Directions for this task
Pictures do not belong in the copy; restate the records below word for word.

The records
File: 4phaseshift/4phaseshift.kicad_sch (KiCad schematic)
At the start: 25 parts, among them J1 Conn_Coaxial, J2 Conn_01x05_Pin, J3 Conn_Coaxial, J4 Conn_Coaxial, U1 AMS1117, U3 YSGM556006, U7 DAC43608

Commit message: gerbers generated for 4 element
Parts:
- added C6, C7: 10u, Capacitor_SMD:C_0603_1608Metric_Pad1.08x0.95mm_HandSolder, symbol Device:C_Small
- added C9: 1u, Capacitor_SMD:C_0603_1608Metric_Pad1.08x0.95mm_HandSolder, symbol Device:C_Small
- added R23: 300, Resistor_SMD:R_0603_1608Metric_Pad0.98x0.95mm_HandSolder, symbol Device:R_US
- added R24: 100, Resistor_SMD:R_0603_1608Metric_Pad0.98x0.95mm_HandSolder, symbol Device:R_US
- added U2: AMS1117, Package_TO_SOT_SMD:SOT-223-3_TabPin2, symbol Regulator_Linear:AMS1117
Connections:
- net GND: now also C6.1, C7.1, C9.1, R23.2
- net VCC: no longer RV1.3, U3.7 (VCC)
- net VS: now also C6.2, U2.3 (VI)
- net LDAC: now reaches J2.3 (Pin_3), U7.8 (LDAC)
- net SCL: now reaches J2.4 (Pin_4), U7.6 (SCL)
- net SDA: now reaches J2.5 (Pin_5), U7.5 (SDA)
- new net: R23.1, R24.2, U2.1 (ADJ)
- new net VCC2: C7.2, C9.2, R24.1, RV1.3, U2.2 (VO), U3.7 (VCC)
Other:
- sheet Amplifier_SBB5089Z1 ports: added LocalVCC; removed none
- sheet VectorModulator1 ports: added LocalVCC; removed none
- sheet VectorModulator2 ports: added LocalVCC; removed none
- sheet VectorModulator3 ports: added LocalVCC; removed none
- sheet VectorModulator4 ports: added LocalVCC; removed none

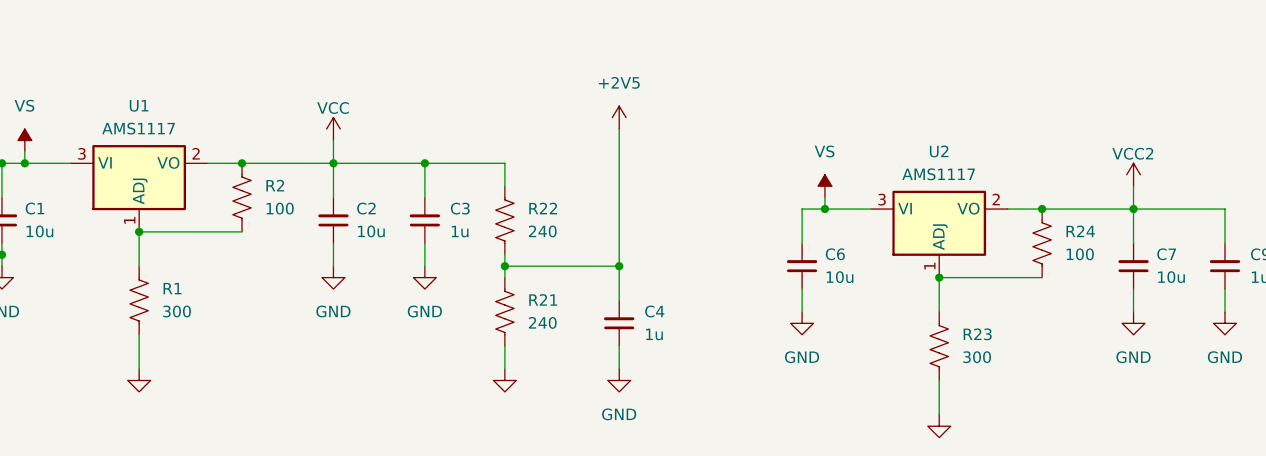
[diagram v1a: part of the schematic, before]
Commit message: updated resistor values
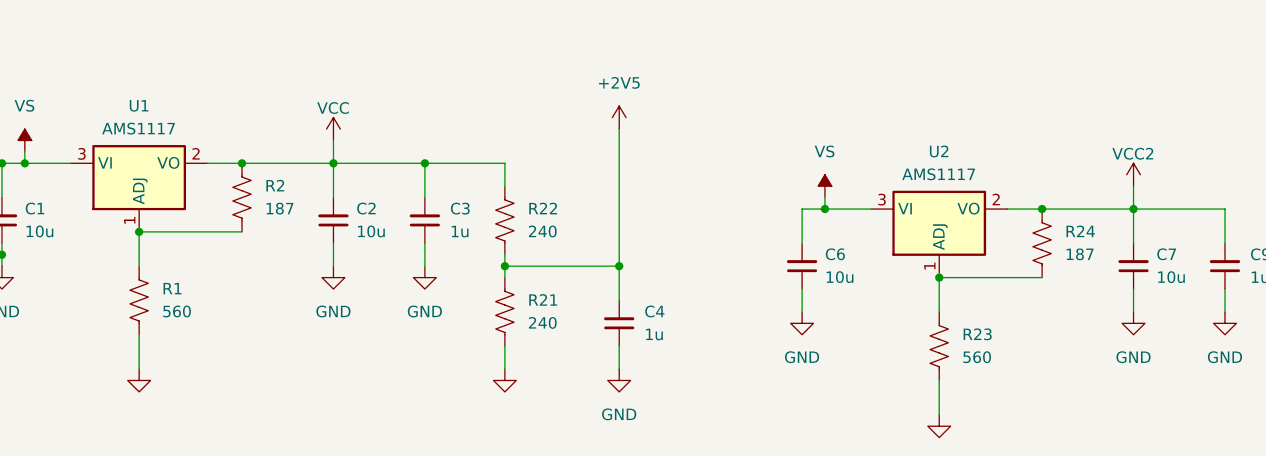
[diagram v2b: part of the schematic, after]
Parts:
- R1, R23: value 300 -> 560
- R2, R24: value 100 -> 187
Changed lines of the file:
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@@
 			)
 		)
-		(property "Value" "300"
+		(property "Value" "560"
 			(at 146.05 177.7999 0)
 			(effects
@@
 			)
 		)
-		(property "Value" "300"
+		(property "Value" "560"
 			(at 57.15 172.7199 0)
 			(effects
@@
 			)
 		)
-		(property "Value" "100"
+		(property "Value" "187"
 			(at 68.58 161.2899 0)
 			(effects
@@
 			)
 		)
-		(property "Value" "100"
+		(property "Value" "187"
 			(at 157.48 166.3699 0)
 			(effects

Task solution
File: 4phaseshift/4phaseshift.kicad_sch (KiCad schematic)
At the start: 25 parts, among them J1 Conn_Coaxial, J2 Conn_01x05_Pin, J3 Conn_Coaxial, J4 Conn_Coaxial, U1 AMS1117, U3 YSGM556006, U7 DAC43608

Commit message: gerbers generated for 4 element
Parts:
- added C6, C7: 10u, Capacitor_SMD:C_0603_1608Metric_Pad1.08x0.95mm_HandSolder, symbol Device:C_Small
- added C9: 1u, Capacitor_SMD:C_0603_1608Metric_Pad1.08x0.95mm_HandSolder, symbol Device:C_Small
- added R23: 300, Resistor_SMD:R_0603_1608Metric_Pad0.98x0.95mm_HandSolder, symbol Device:R_US
- added R24: 100, Resistor_SMD:R_0603_1608Metric_Pad0.98x0.95mm_HandSolder, symbol Device:R_US
- added U2: AMS1117, Package_TO_SOT_SMD:SOT-223-3_TabPin2, symbol Regulator_Linear:AMS1117
Connections:
- net GND: now also C6.1, C7.1, C9.1, R23.2
- net VCC: no longer RV1.3, U3.7 (VCC)
- net VS: now also C6.2, U2.3 (VI)
- net LDAC: now reaches J2.3 (Pin_3), U7.8 (LDAC)
- net SCL: now reaches J2.4 (Pin_4), U7.6 (SCL)
- net SDA: now reaches J2.5 (Pin_5), U7.5 (SDA)
- new net: R23.1, R24.2, U2.1 (ADJ)
- new net VCC2: C7.2, C9.2, R24.1, RV1.3, U2.2 (VO), U3.7 (VCC)
Other:
- sheet Amplifier_SBB5089Z1 ports: added LocalVCC; removed none
- sheet VectorModulator1 ports: added LocalVCC; removed none
- sheet VectorModulator2 ports: added LocalVCC; removed none
- sheet VectorModulator3 ports: added LocalVCC; removed none
- sheet VectorModulator4 ports: added LocalVCC; removed none

[diagram v1a: part of the schematic, before]
Commit message: updated resistor values
[diagram v2b: part of the schematic, after]
Parts:
- R1, R23: value 300 -> 560
- R2, R24: value 100 -> 187
Changed lines of the file:
@@
 			)
 		)
-		(property "Value" "300"
+		(property "Value" "560"
 			(at 146.05 177.7999 0)
 			(effects
@@
 			)
 		)
-		(property "Value" "300"
+		(property "Value" "560"
 			(at 57.15 172.7199 0)
 			(effects
@@
 			)
 		)
-		(property "Value" "100"
+		(property "Value" "187"
 			(at 68.58 161.2899 0)
 			(effects
@@
 			)
 		)
-		(property "Value" "100"
+		(property "Value" "187"
 			(at 157.48 166.3699 0)
 			(effects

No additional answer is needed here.